Post
Topic
Board Bitcoin Technical Support
Re: what after export
by
shorena
on 06/12/2014, 16:50:44 UTC
Thanks you so much dear shorena for your exact and useful answer.
another thing to know.
I found my private key at blockchain.info.
you told that anybody who knows your private key can spend your bitcoin in whole? righ?
but how? in where?

Yes, anyone that knows your private key can spend the funds associated with it. Almost all wallets have an import feature, which would allow the wallet to create a transaction for you that spends the funds. In theory you could even do this by hand or write a little script that does that.

I wanted to test it. my private key at blockchain.info is available in some formats : bitcoin-qt ,hex,etc.
which one of them is in use?

"in use"? I dont understand that question.

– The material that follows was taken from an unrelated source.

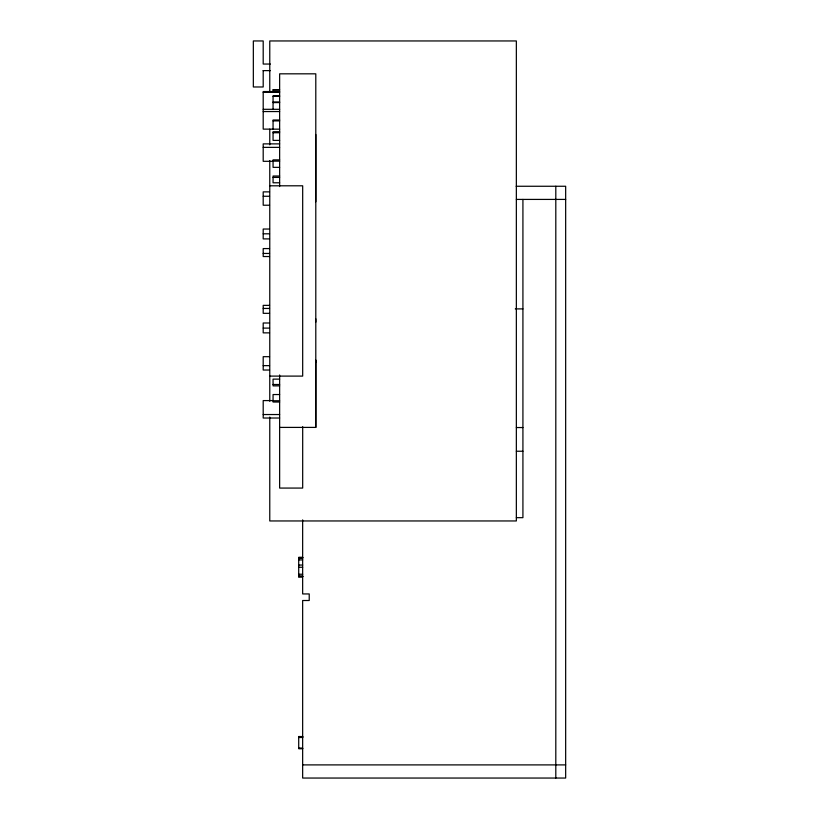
<?xml version="1.0" encoding="UTF-8"?>
<svg xmlns="http://www.w3.org/2000/svg" width="819" height="819" viewBox="0 0 819 819"><rect width="100%" height="100%" fill="white"/><g stroke="black" fill="none" stroke-linecap="round" stroke-linejoin="round"><path stroke-width="1.23" d="M279.637 427.405L315.796 427.405L315.806 359.991L315.827 362.438M315.796 201.791L315.796 134.49M270.372 64.046L263.196 64.046L263.196 40.95L253.337 40.95L253.337 86.978L263.196 86.978L263.196 70.536M263.196 70.618L270.372 70.618M273.065 89.793L279.637 89.793L273.065 89.875L273.065 92.332M279.637 91.544L263.196 91.544L263.196 129.126L279.637 129.167M263.196 92.312L279.637 92.312M279.637 95.874L273.065 95.874L273.065 109.48M273.065 96.304L279.637 96.304M273.065 101.986L279.637 101.986M273.065 102.58L279.637 102.58M263.196 109.306L279.637 109.306M263.196 111.548L279.637 111.548M279.637 119.994L273.065 119.994L273.065 129.167M273.065 120.895L279.637 120.895M279.637 131.705L273.065 131.705L273.065 140.397L279.637 140.397M273.065 132.739L279.637 132.739M279.637 143.878L263.196 143.878L263.196 161.312L273.311 161.312M263.196 147.369L279.637 147.369M279.637 159.869L273.065 159.869L273.065 167.352L279.637 167.352M273.065 161.148L279.637 161.148M279.637 176.024L273.065 176.024L273.065 182.78L279.637 182.78M273.065 177.406L279.637 177.406M269.768 185.8L302.682 185.8L302.682 376.105L269.768 376.105M516.165 186.261L565.663 186.261L565.663 778.05L302.651 778.05L302.651 600.511L309.224 600.511L309.224 593.939L302.651 593.939L302.651 519.891M269.523 191.871L263.196 191.871L263.196 205.221L269.523 205.221M263.196 196.263L269.523 196.263M516.349 199.416L565.663 199.416M269.523 229.033L263.196 229.033L263.196 238.902L269.523 238.902M263.196 233.804L269.523 233.804M269.523 248.577L263.196 248.577L263.196 256.531L269.523 256.531M263.196 253.45L269.523 253.45M269.523 305.364L263.196 305.364L263.196 313.329L269.523 313.329M263.196 308.456L269.523 308.456M515.284 308.896L522.921 308.896M269.523 322.993L263.196 322.993L263.196 332.862L269.523 332.862M263.196 328.102L269.523 328.102M269.523 356.685L263.196 356.685L263.196 370.034L269.523 370.034M263.196 365.643L269.523 365.643M279.637 379.125L273.065 379.125L273.065 385.872L279.637 385.872M273.065 384.5L279.637 384.5M279.637 394.543L273.065 394.543L273.065 402.027L279.637 402.027M273.311 400.583L263.196 400.583L263.196 418.018L279.637 418.018M273.065 400.757L279.637 400.757M263.196 414.537L279.637 414.537M516.349 427.549L522.921 427.549M516.349 451.238L522.921 451.238M516.349 517.669L522.921 517.669L522.921 199.416M302.651 557.36L298.71 557.36L298.71 576.842M298.71 557.524L302.651 557.524M298.71 557.698L302.651 557.698M298.71 557.852L302.651 557.852M298.71 558.015L302.651 558.015M298.71 559.909L302.651 559.909M298.71 565.049L302.651 565.049M298.71 567.27L302.651 567.27M298.71 574.232L302.651 574.232M298.71 576.248L302.651 576.248M298.71 576.412L302.651 576.412M298.71 576.453L302.651 576.453M298.71 576.658L302.651 576.658M298.71 576.791L302.651 576.791M302.651 736.568L298.71 736.516L298.71 748.699L302.651 748.699M298.71 736.67L302.651 736.67M298.71 736.875L302.651 736.875M298.71 737.151L302.651 737.151M298.71 737.202L302.651 737.202M298.71 737.489L302.651 737.489M298.71 748.177L302.651 748.238M298.71 748.453L302.651 748.453M302.651 764.895L565.663 764.895M315.796 318.816L315.827 322.102M555.804 186.261L555.804 778.05M315.796 427.405L315.796 73.823L279.637 73.823L279.637 186.568M302.692 426.689L302.682 488.073L279.637 488.073L279.637 374.979M269.768 91.349L269.768 40.95L516.349 40.95L516.349 520.956L269.768 520.956L269.768 417.035M269.768 129.146L269.768 144.861M269.768 160.606L269.768 401.29"/></g></svg>

for example the multibit ask me to import a " file" from my computer while
all of the mentioned formats of private keys are some letters and number that can be only copied and pasted in a text document
which multibit can not recognize . or can a private key be used to import in only the same service?

This depends how your wallet exports. E.g. multibit exports (when unencrypted) a file like this:

Code:
# KEEP YOUR PRIVATE KEYS SAFE !
# Anyone who can read this file can spend your bitcoin.
#
# Format:
#   [[]]
#
#   The Base58 encoded private keys are the same format as
#   produced by the Satoshi client/ sipa dumpprivkey utility.
#
#   Key createdAt is in UTC format as specified by ISO 8601
#   e.g: 2011-12-31T16:42:00Z . The century, 'T' and 'Z' are mandatory
#
L35DEFBrrMJHVUquyyvJn9ZiXfwbwKBJBeEbRkXwnqhbjAjnrj23 2014-12-04T23:16:20Z
# End of private keys

You can just create the same format with your unencrypted private key from bc.i and multibit can import it without problem. AFAIK bc.i exports encrypted, thus multibit might not understand the data.